● **PROBLEM TO SOLVE**
Print the data below exactly, but only the lines from the one containing "[R] -> Product4/1" down to the one containing "[u3] -> Trigonometric Function/1", inclusive.

PROVIDED ENTRIES START

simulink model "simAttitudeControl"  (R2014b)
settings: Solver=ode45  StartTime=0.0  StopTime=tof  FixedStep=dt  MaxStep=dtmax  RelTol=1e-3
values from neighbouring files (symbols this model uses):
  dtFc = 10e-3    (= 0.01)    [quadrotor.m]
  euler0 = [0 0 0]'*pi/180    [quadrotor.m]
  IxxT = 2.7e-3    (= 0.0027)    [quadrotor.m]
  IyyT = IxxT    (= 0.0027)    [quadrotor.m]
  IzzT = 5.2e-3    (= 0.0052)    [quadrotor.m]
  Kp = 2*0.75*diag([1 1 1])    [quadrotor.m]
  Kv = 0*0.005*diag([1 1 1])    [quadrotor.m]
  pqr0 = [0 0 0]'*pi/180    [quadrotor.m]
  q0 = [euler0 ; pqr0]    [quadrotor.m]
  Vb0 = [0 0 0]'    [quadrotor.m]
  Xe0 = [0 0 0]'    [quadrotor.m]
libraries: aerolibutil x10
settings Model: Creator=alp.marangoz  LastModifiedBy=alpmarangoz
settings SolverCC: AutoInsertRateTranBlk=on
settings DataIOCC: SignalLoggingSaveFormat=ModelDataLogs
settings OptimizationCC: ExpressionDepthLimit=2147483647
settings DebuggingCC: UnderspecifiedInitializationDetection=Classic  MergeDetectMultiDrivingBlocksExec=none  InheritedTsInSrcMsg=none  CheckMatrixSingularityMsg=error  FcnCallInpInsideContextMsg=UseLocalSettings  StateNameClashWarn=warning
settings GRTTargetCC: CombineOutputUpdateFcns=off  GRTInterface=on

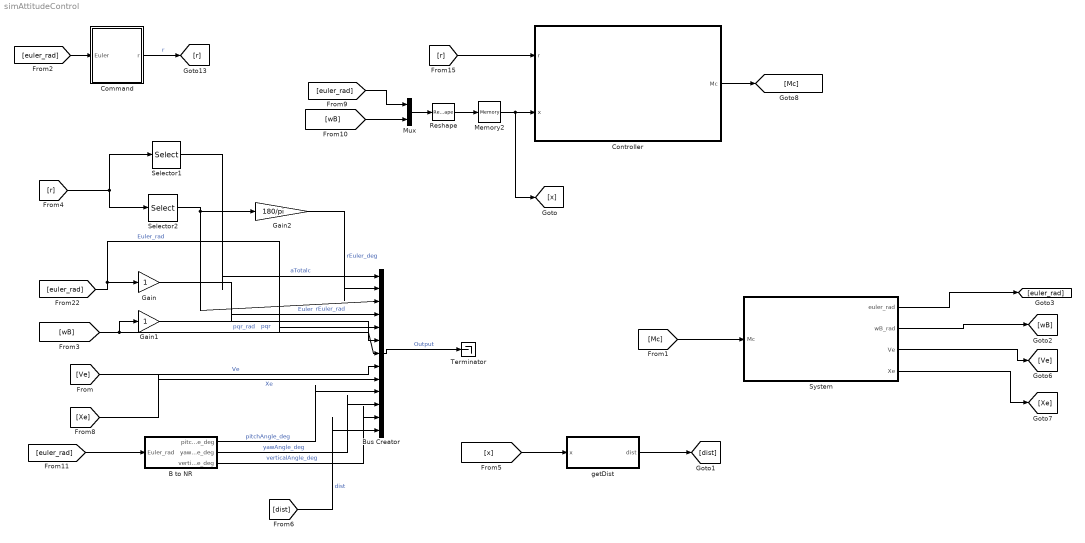
== system simAttitudeControl ==
  B to NR : Subsystem  TreatAsAtomicUnit=on
  Bus Creator : BusCreator  Inputs=13
  Command : Subsystem  TreatAsAtomicUnit=on  SystemSampleTime=dtFc
  Controller : Subsystem  TreatAsAtomicUnit=on  SystemSampleTime=dtFc
  Gain : Gain
  Gain1 : Gain
  Gain2 : Gain  Gain=180/pi
  Memory2 : Memory  X0=q0  InheritSampleTime=on  LinearizeMemory=on  LinearizeAsDelay=on
  Mux : Mux  Inputs=2
  Reshape : Reshape  OutputDimensionality=Column vector (2-D)
  Selector1 : Selector  NumberOfDimensions=2  InputPortWidth=2  IndexOptions=Index vector (dialog),Index vector (dialog)  Indices=1,1  OutputSizes=1,1
  Selector2 : Selector  NumberOfDimensions=2  InputPortWidth=3  IndexOptions=Index vector (dialog),Index vector (dialog)  Indices=[2 3 4],1  OutputSizes=1,1
  System : Subsystem  TreatAsAtomicUnit=on
  Terminator : Terminator
  getDist : Subsystem  TreatAsAtomicUnit=on
  wires:
  Command/1(r) -> [r]  "r"
  Controller/1(Mc) -> [Mc]
  [Mc] -> System/1(Mc)
  Reshape/1 -> Memory2/1
  [euler_rad] -> Command/1(Euler)
  Memory2/1 -> [x], Controller/2(x)
  [r] -> Controller/1(r)
  Bus Creator/1 -> Terminator/1  "Output"
  [r] -> Selector1/1, Selector2/1
  System/3(Ve) -> [Ve]
  System/4(Xe) -> [Xe]
  Selector1/1 -> Bus Creator/1  "aTotalc"
  Selector2/1 -> Gain2/1, Bus Creator/3  "rEuler_rad"
  [euler_rad] -> Gain/1, Bus Creator/5  "Euler_rad"
  [Ve] -> Bus Creator/8  "Ve"
  [Xe] -> Bus Creator/9  "Xe"
  System/1(euler_rad) -> [euler_rad]
  System/2(wB_rad) -> [wB]
  Mux/1 -> Reshape/1
  [euler_rad] -> Mux/1
  [wB] -> Mux/2
  Gain/1 -> Bus Creator/4  "Euler"
  [wB] -> Bus Creator/7, Gain1/1  "pqr_rad"
  Gain1/1 -> Bus Creator/6  "pqr"
  [euler_rad] -> B to NR/1(Euler_rad)
  B to NR/1(pitchAngle_deg) -> Bus Creator/10  "pitchAngle_deg"
  B to NR/2(yawAngle_deg) -> Bus Creator/11  "yawAngle_deg"
  B to NR/3(verticalAngle_deg) -> Bus Creator/12  "verticalAngle_deg"
  Gain2/1 -> Bus Creator/2  "rEuler_deg"
  [x] -> getDist/1(x)
  getDist/1(dist) -> [dist]
  [dist] -> Bus Creator/13  "dist"

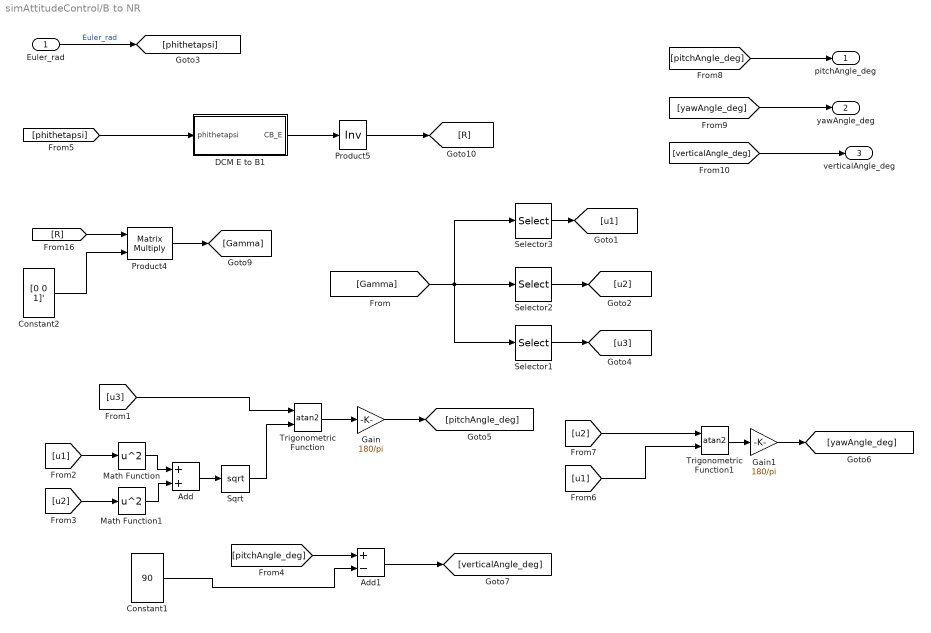
== system simAttitudeControl/B to NR ==
  Euler_rad : Inport
  Add : Sum
  Add1 : Sum  Inputs=+-
  Constant1 : Constant  Value=90  VectorParams1D=off
  Constant2 : Constant  Value=[0 0 1]'  VectorParams1D=off
  DCM E to B1 : Subsystem
  Gain : Gain  Gain=180/pi
  Gain1 : Gain  Gain=180/pi
  Math Function : Math  Operator=square  SaturateOnIntegerOverflow=on
  Math Function1 : Math  Operator=square  SaturateOnIntegerOverflow=on
  Product4 : Product  Multiplication=Matrix(*)  RndMeth=Zero
  Product5 : Product  Inputs=/  Multiplication=Matrix(*)  RndMeth=Zero
  Selector1 : Selector  InputPortWidth=3  Indices=3
  Selector2 : Selector  InputPortWidth=3  Indices=2
  Selector3 : Selector  InputPortWidth=3
  Sqrt : Sqrt  SaturateOnIntegerOverflow=on
  Trigonometric Function : Trigonometry  Operator=atan2
  Trigonometric Function1 : Trigonometry  Operator=atan2
  pitchAngle_deg : Outport
  yawAngle_deg : Outport  Port=2
  verticalAngle_deg : Outport  Port=3
  wires:
  Euler_rad/1 -> [phithetapsi]  "Euler_rad"
  Product5/1 -> [R]
  [phithetapsi] -> DCM E to B1/1(phithetapsi)
  DCM E to B1/1(CB_E) -> Product5/1
  [R] -> Product4/1
  Constant2/1 -> Product4/2
  Product4/1 -> [Gamma]
  [Gamma] -> Selector1/1, Selector3/1, Selector2/1
  Selector3/1 -> [u1]
  Selector2/1 -> [u2]
  Selector1/1 -> [u3]
  [u1] -> Math Function/1
  [u2] -> Math Function1/1
  Math Function/1 -> Add/1
  Math Function1/1 -> Add/2
  Add/1 -> Sqrt/1
  [u3] -> Trigonometric Function/1
  Sqrt/1 -> Trigonometric Function/2
  Trigonometric Function/1 -> Gain/1
  Trigonometric Function1/1 -> Gain1/1
  [u2] -> Trigonometric Function1/1
  [u1] -> Trigonometric Function1/2
  [yawAngle_deg] -> yawAngle_deg/1
  [pitchAngle_deg] -> pitchAngle_deg/1
  Gain/1 -> [pitchAngle_deg]
  Gain1/1 -> [yawAngle_deg]
  Constant1/1 -> Add1/2
  [pitchAngle_deg] -> Add1/1
  Add1/1 -> [verticalAngle_deg]
  [verticalAngle_deg] -> verticalAngle_deg/1

== system simAttitudeControl/Command ==
  Euler : Inport
  From Workspace : FromWorkspace  VariableName=r  Interpolate=off  OutputAfterFinalValue=Setting to zero
  Memory2 : Memory  X0=euler0  InheritSampleTime=on  LinearizeMemory=on  LinearizeAsDelay=on
  Reshape1 : Reshape  OutputDimensionality=Column vector (2-D)
  Selector : Selector  NumberOfDimensions=2  InputPortWidth=2  IndexOptions=Index vector (dialog),Index vector (dialog)  Indices=1,1  OutputSizes=1,1
  Selector1 : Selector  NumberOfDimensions=2  InputPortWidth=3  IndexOptions=Index vector (dialog),Index vector (dialog)  Indices=[2 3 4],1  OutputSizes=1,1
  Subtract : Sum  Inputs=+-
  Terminator : Terminator
  Terminator1 : Terminator
  Terminator2 : Terminator
  r : Outport  InitialOutput=0
  wires:
  From Workspace/1 -> Reshape1/1
  Reshape1/1 -> r/1, Selector/1, Selector1/1
  Euler/1 -> Memory2/1
  Memory2/1 -> [euler]
  [euler] -> Subtract/2  "q"
  Selector/1 -> Terminator/1  "rnc"
  Selector1/1 -> Terminator2/1, Subtract/1  "rEuler"
  Subtract/1 -> Terminator1/1  "eEuler"

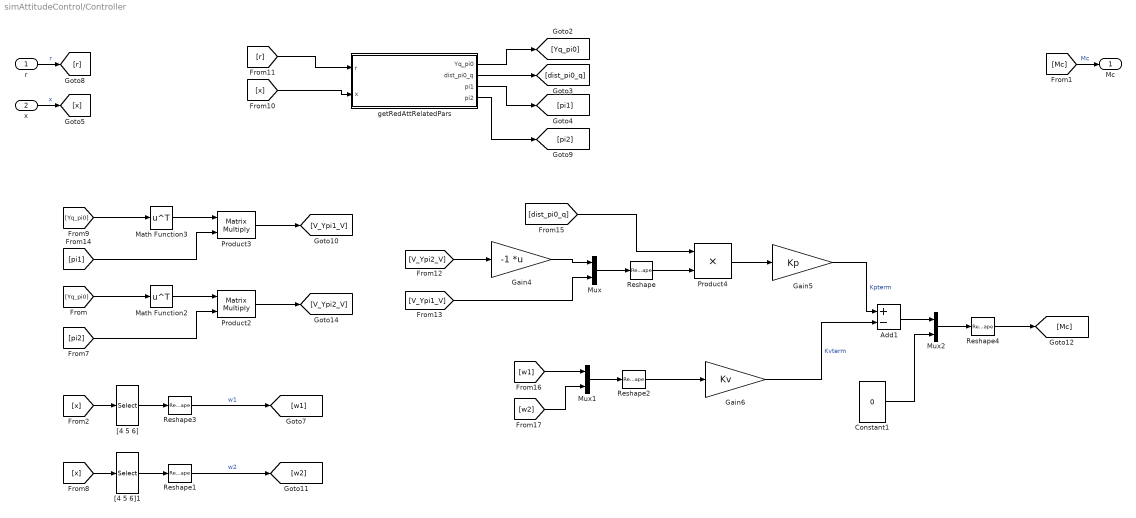
== system simAttitudeControl/Controller ==
  r : Inport
  x : Inport  Port=2
  Add1 : Sum  Inputs=+-
  Constant1 : Constant  Value=0  VectorParams1D=off
  Gain4 : Gain  Gain=-1  Multiplication=Matrix(K*u)
  Gain5 : Gain  Gain=Kp
  Gain6 : Gain  Gain=Kv
  Math Function2 : Math  Operator=transpose  SaturateOnIntegerOverflow=on
  Math Function3 : Math  Operator=transpose  SaturateOnIntegerOverflow=on
  Mux : Mux  Inputs=2
  Mux1 : Mux  Inputs=2
  Mux2 : Mux  Inputs=2
  Product2 : Product  Multiplication=Matrix(*)  RndMeth=Zero
  Product3 : Product  Multiplication=Matrix(*)  RndMeth=Zero
  Product4 : Product  RndMeth=Zero
  Reshape{,1..4} (5 alike) : Reshape  OutputDimensionality=Column vector (2-D)
  "[4 5 6]" : Selector  InputPortWidth=6  Indices=4
  "[4 5 6]1" : Selector  InputPortWidth=6  Indices=5
  getRedAttRelatedPars : Subsystem
  Mc : Outport
  wires:
  r/1 -> [r]  "r"
  x/1 -> [x]  "x"
  [Mc] -> Mc/1  "Mc"
  [x] -> getRedAttRelatedPars/2(x)
  [r] -> getRedAttRelatedPars/1(r)
  getRedAttRelatedPars/2(dist_pi0_q) -> [dist_pi0_q]
  getRedAttRelatedPars/1(Yq_pi0) -> [Yq_pi0]
  getRedAttRelatedPars/3(pi1) -> [pi1]
  getRedAttRelatedPars/4(pi2) -> [pi2]
  [Yq_pi0] -> Math Function2/1
  Math Function2/1 -> Product2/1
  [pi2] -> Product2/2
  Product2/1 -> [V_Ypi2_V]
  [Yq_pi0] -> Math Function3/1
  Math Function3/1 -> Product3/1
  [pi1] -> Product3/2
  Product3/1 -> [V_Ypi1_V]
  Reshape3/1 -> [w1]  "w1"
  "[4 5 6]"/1 -> Reshape3/1
  [x] -> "[4 5 6]"/1
  Reshape1/1 -> [w2]  "w2"
  "[4 5 6]1"/1 -> Reshape1/1
  [x] -> "[4 5 6]1"/1
  [V_Ypi2_V] -> Gain4/1
  Gain4/1 -> Mux/1
  [V_Ypi1_V] -> Mux/2
  Mux/1 -> Reshape/1
  [dist_pi0_q] -> Product4/1
  Reshape/1 -> Product4/2
  Product4/1 -> Gain5/1
  Mux1/1 -> Reshape2/1
  [w1] -> Mux1/1
  [w2] -> Mux1/2
  Reshape2/1 -> Gain6/1
  Gain5/1 -> Add1/1  "Kpterm"
  Gain6/1 -> Add1/2  "Kvterm"
  Mux2/1 -> Reshape4/1
  Add1/1 -> Mux2/1
  Constant1/1 -> Mux2/2
  Reshape4/1 -> [Mc]

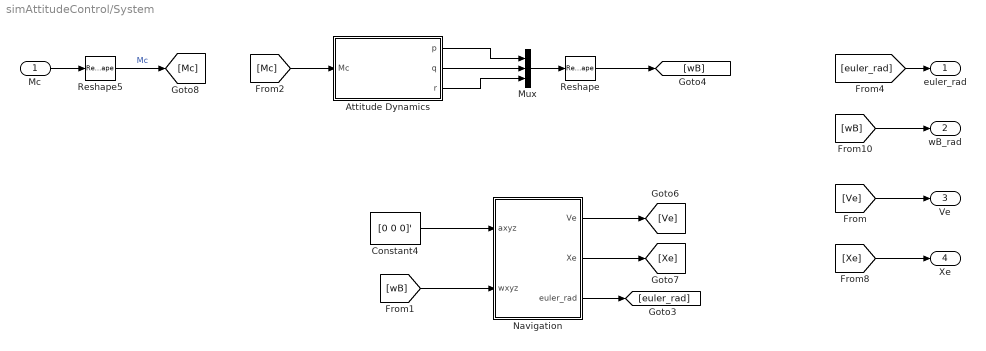
== system simAttitudeControl/System ==
  Mc : Inport
  Attitude Dynamics : Subsystem
  Constant4 : Constant  Value=[0 0 0]'  VectorParams1D=off
  Mux : Mux  Inputs=3
  Navigation : Subsystem
  Reshape : Reshape  OutputDimensionality=Column vector (2-D)
  Reshape5 : Reshape  OutputDimensionality=Column vector (2-D)
  euler_rad : Outport
  wB_rad : Outport  Port=2
  Ve : Outport  Port=3
  Xe : Outport  Port=4
  wires:
  Mc/1 -> Reshape5/1
  Reshape5/1 -> [Mc]  "Mc"
  [euler_rad] -> euler_rad/1
  Constant4/1 -> Navigation/1(axyz)
  [wB] -> Navigation/2(wxyz)
  Navigation/1(Ve) -> [Ve]
  Navigation/2(Xe) -> [Xe]
  Navigation/3(euler_rad) -> [euler_rad]
  [Xe] -> Xe/1
  [Ve] -> Ve/1
  [wB] -> wB_rad/1
  Attitude Dynamics/1(p) -> Mux/1
  Attitude Dynamics/2(q) -> Mux/2
  Attitude Dynamics/3(r) -> Mux/3
  Mux/1 -> Reshape/1
  Reshape/1 -> [wB]
  [Mc] -> Attitude Dynamics/1(Mc)

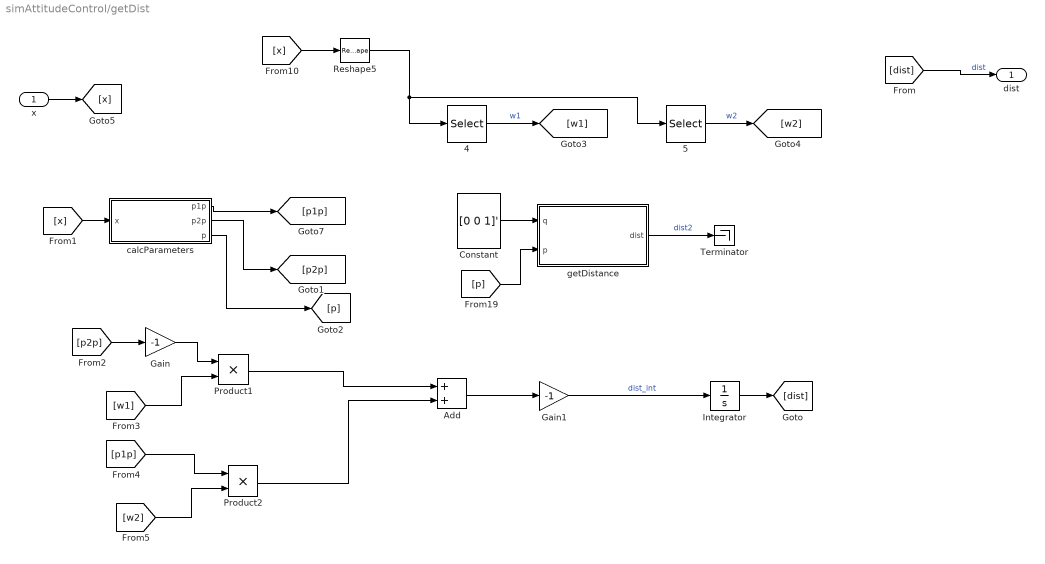
== system simAttitudeControl/getDist ==
  x : Inport
  4 : Selector  NumberOfDimensions=2  InputPortWidth=3  IndexOptions=Index vector (dialog),Index vector (dialog)  Indices=4,1  OutputSizes=1,1
  5 : Selector  NumberOfDimensions=2  InputPortWidth=3  IndexOptions=Index vector (dialog),Index vector (dialog)  Indices=5,1  OutputSizes=1,1
  Add : Sum
  Constant : Constant  Value=[0 0 1]'  VectorParams1D=off
  Gain : Gain  Gain=-1
  Gain1 : Gain  Gain=-1
  Integrator : Integrator
  Product1 : Product
  Product2 : Product
  Reshape5 : Reshape  OutputDimensionality=Column vector (2-D)
  Terminator : Terminator
  calcParameters : Subsystem  TreatAsAtomicUnit=on
  getDistance : Subsystem
  dist : Outport
  wires:
  x/1 -> [x]
  Reshape5/1 -> 5/1, 4/1
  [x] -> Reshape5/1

PROVIDED ENTRIES END

● **EXERCISE RESPONSE**
  [R] -> Product4/1
  Constant2/1 -> Product4/2
  Product4/1 -> [Gamma]
  [Gamma] -> Selector1/1, Selector3/1, Selector2/1
  Selector3/1 -> [u1]
  Selector2/1 -> [u2]
  Selector1/1 -> [u3]
  [u1] -> Math Function/1
  [u2] -> Math Function1/1
  Math Function/1 -> Add/1
  Math Function1/1 -> Add/2
  Add/1 -> Sqrt/1
  [u3] -> Trigonometric Function/1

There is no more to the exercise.